Stored items from a collection
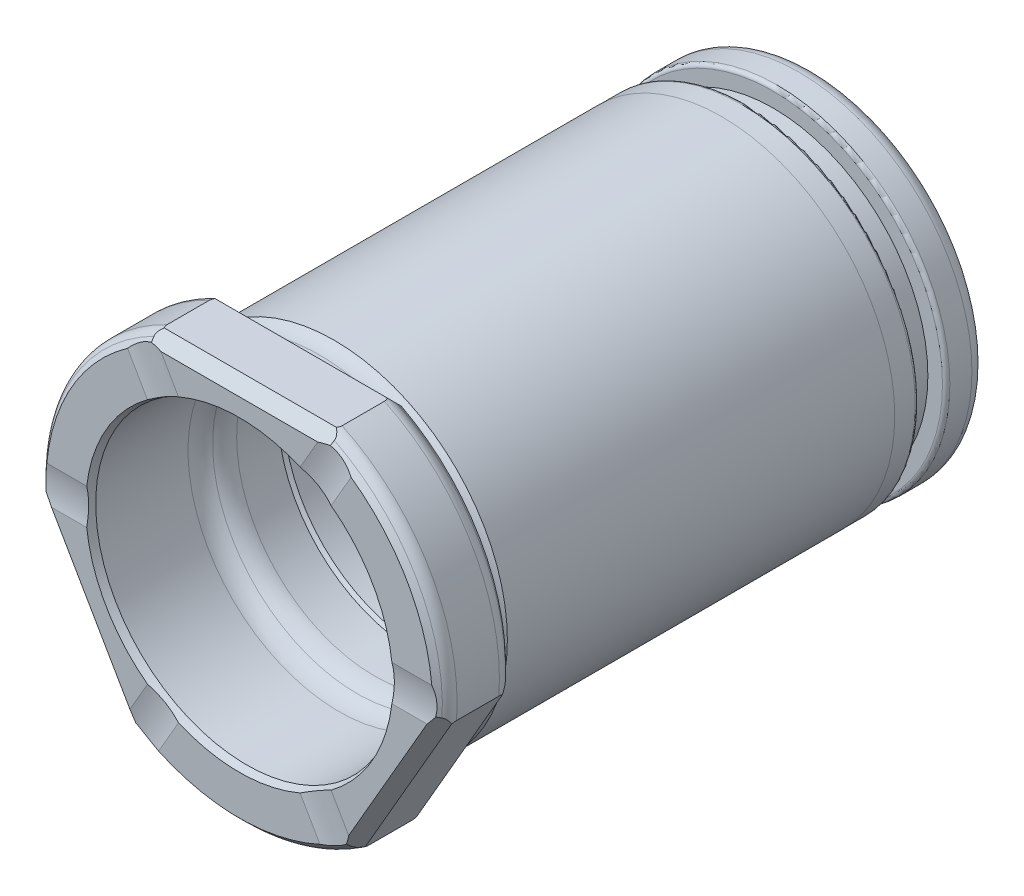
SolidWorks part; units mm, degrees
ref_plane "Front Plane" through (0, 0, 0) normal (0, 0, 1) x (1, 0, 0)
ref_plane "Top Plane" through (0, 0, 0) normal (0, 1, 0) x (1, 0, 0)
ref_plane "Right Plane" through (0, 0, 0) normal (1, 0, 0) x (0, 0, -1)
sketch "Sketch1" plane through (0, 0, 0) normal (1, 0, 0) x (0, 0, -1)
  line L0 (0, 26.25) -> (0, 20.864)
  line L1 (0, 26.25) -> (0.6642, 26.9142)
  line L2 (2.0784, 27.5) -> (7.8216, 27.5)
  line L3 (9.2358, 26.9142) -> (9.9, 26.25)
  line L4 (9.9, 26.25) -> (9.9, 24.6034)
  line L5 (9.9, 24.6034) -> (9.572, 23.3794)
  line L8 (12.9, 23.5) -> (65.5, 23.5)
  line L9 (68.8, 22.98) -> (68.8, 21)
  line L10 (68.8, 21) -> (72.5, 21)
  line L11 (72.5, 21) -> (72.5, 22.98)
  line L12 (73, 23.48) -> (76, 23.48)
  line L13 (78, 21.48) -> (78, 20)
  line L14 (78, 20) -> (78.5, 20)
  line L15 (78.5, 20) -> (78.5, 15.25)
  line L16 (78.5, 15.25) -> (76.55, 15.25)
  line L17 (76.55, 15.25) -> (76, 15.8)
  line L18 (76, 15.8) -> (73.5, 15.8)
  line L19 (73.5, 15.8) -> (73.5, 18.5)
  line L20 (73.5, 18.5) -> (68.5, 18.5)
  line L21 (68.5, 18.5) -> (68.5, 15.15)
  line L22 (68.5, 15.15) -> (65.7, 15.15)
  line L23 (65.7, 15.15) -> (65.7, 18.75)
  line L24 (65.7, 18.75) -> (62.5, 18.75)
  line L25 (62.5, 18.75) -> (62.5, 15.15)
  line L26 (62.5, 15.15) -> (61, 15.15)
  line L27 (61, 15.15) -> (61, 15.8)
  line L28 (61, 15.8) -> (59.5, 15.8)
  line L29 (59.5, 15.8) -> (59.5, 17.9999)
  line L30 (58.9999, 18.5) -> (24.5394, 18.5)
  line L31 (24.5394, 18.5) -> (24, 18.7515)
  line L34 (13.5373, 20.5) -> (1, 20.5)
  line L35 (0, 0) -> (109.6679, 0) construction
  line L37 (65.5, 23.5) -> (65.5, 23.48)
  line L38 (65.5, 23.48) -> (68.3, 23.48)
  line L39 (1, 20.5) -> (0, 20.864)
  line L40 (18.3896, 18.7515) -> (24, 18.7515)
  line L41 (10.055, 22.75) -> (10.9157, 22.75)
  arc A0 (10.055, 22.75) -> (9.572, 23.3794) centre (10.055, 23.25) cw
  arc A3 (58.9999, 18.5) -> (59.5, 17.9999) centre (59.5, 18.5) cw
  arc A4 (7.8216, 27.5) -> (9.2358, 26.9142) centre (7.8216, 25.5) cw
  arc A5 (0.6642, 26.9142) -> (2.0784, 27.5) centre (2.0784, 25.5) cw
  arc A6 (12.9, 23.5) -> (10.9157, 22.75) centre (10.9157, 25.75) cw
  arc A7 (76, 23.48) -> (78, 21.48) centre (76, 21.48) cw
  arc A8 (16.0031, 19.6251) -> (13.5373, 20.5) centre (13.5061, 16.5001) ccw
  arc A9 (16.0031, 19.6251) -> (18.3896, 18.7515) centre (18.5, 22.75) ccw
  arc A10 (68.3, 23.48) -> (68.8, 22.98) centre (68.3, 22.98) cw
  arc A11 (73, 23.48) -> (72.5, 22.98) centre (73, 22.98) ccw
  dimension "D10" = 0.5
  dimension "D40" = 0.5001
  dimension "D42" = 2
  dimension "D43" = 3
  dimension "D7" = 10.055
  dimension "D49" = 13
  dimension "D46" = 2
  dimension "D54" = 18.5
  dimension "D55" = 16.5001
  dimension "D11" = 4
  dimension "D12" = 4
  dimension "D59" = 0.5
  dimension "D60" = 0.5
  dimension "D2" = 20.5
  dimension "D5" = 26.25
  dimension "D6" = 45
  dimension "D8" = 9.9
  dimension "D9" = 45.5
  dimension "D13" = 24
  dimension "D14" = 22.75
  dimension "D15" = 18.5
  dimension "D16" = 59.5
  dimension "D17" = 61
  dimension "D18" = 15.8
  dimension "D19" = 15.15
  dimension "D20" = 62.5
  dimension "D21" = 3.2
  dimension "D22" = 2.8
  dimension "D23" = 5
  dimension "D24" = 23.5
  dimension "D25" = 52.5
  dimension "D26" = 18.75
  dimension "D27" = 21
  dimension "D28" = 18.5
  dimension "D29" = 3.7
  dimension "D30" = 23.48
  dimension "D31" = 20
  dimension "D32" = 0.5
  dimension "D33" = 2.5
  dimension "D34" = 5
  dimension "D35" = 78.5
  dimension "D36" = 15.15
  dimension "D37" = 6
  dimension "D38" = 15.8
  dimension "D39" = 15.25
  dimension "D41" = 18.5
  dimension "D44" = 17.9999
  dimension "D45" = 3
  dimension "D47" = 55
  dimension "D48" = 15
  dimension "D50" = 23.48
  dimension "D51" = 1.5
  dimension "D52" = 1
  dimension "D53" = 20
  dimension "D56" = 18.3896
  dimension "D58" = 25
revolve "Revolve1" add sketch "Sketch1" angle 360 about L35
sketch "Sketch2" plane through (0, 0, 0) normal (1, 0, 0) x (0, 0, -1)
  line L1 (0, 26.25) -> (0, -26.25) construction
  circle A0 centre (-9.7, 0) radius 10
  dimension "D1" = 20
  dimension "D3" = 0.3
  dimension "D2" = 9.7
extrude "Cut-Extrude1" cut sketch "Sketch2" against normal up to next
pattern_circular "CirPattern1" count 6 over 360 about axis through (0, 0, 0) along (0, 0, 1) of "Cut-Extrude1" reverse direction yes
sketch "Sketch3" plane through (0, 0, 0) normal (0, 0, 1) x (1, 0, 0)
  line L1 (-15, 24.8) -> (15, 24.8)
  line L2 (-15, 24.8) -> (-15, 28.8)
  line L3 (-15, 28.8) -> (15, 28.8)
  line L4 (15, 24.8) -> (15, 28.8)
  dimension "D1" = 24.8
  dimension "D2" = 30
  dimension "D3" = 15
  dimension "D4" = 4
extrude "Cut-Extrude2" cut sketch "Sketch3" against normal up to next
pattern_circular "CirPattern2" count 3 over 360 about axis through (0, 0, 0) along (0, 0, 1) of "Cut-Extrude2"
chamfer "Chamfer1" distance 1.5 angle 45 6 edges at (-21.4774, -12.4, -9.9) (21.4774, -12.4, -9.9) (0, 24.8, -9.9) (21.4774, -12.4, 0) (-21.4774, -12.4, 0) (0, 24.8, 0)

Required action
Once the line with "line L2 (-15, 24.8) -> (-15, 28.8)" is found, write out that line and every one after it through the last line of the records, exactly and with nothing else.

Solution
  line L2 (-15, 24.8) -> (-15, 28.8)
  line L3 (-15, 28.8) -> (15, 28.8)
  line L4 (15, 24.8) -> (15, 28.8)
  dimension "D1" = 24.8
  dimension "D2" = 30
  dimension "D3" = 15
  dimension "D4" = 4
extrude "Cut-Extrude2" cut sketch "Sketch3" against normal up to next
pattern_circular "CirPattern2" count 3 over 360 about axis through (0, 0, 0) along (0, 0, 1) of "Cut-Extrude2"
chamfer "Chamfer1" distance 1.5 angle 45 6 edges at (-21.4774, -12.4, -9.9) (21.4774, -12.4, -9.9) (0, 24.8, -9.9) (21.4774, -12.4, 0) (-21.4774, -12.4, 0) (0, 24.8, 0)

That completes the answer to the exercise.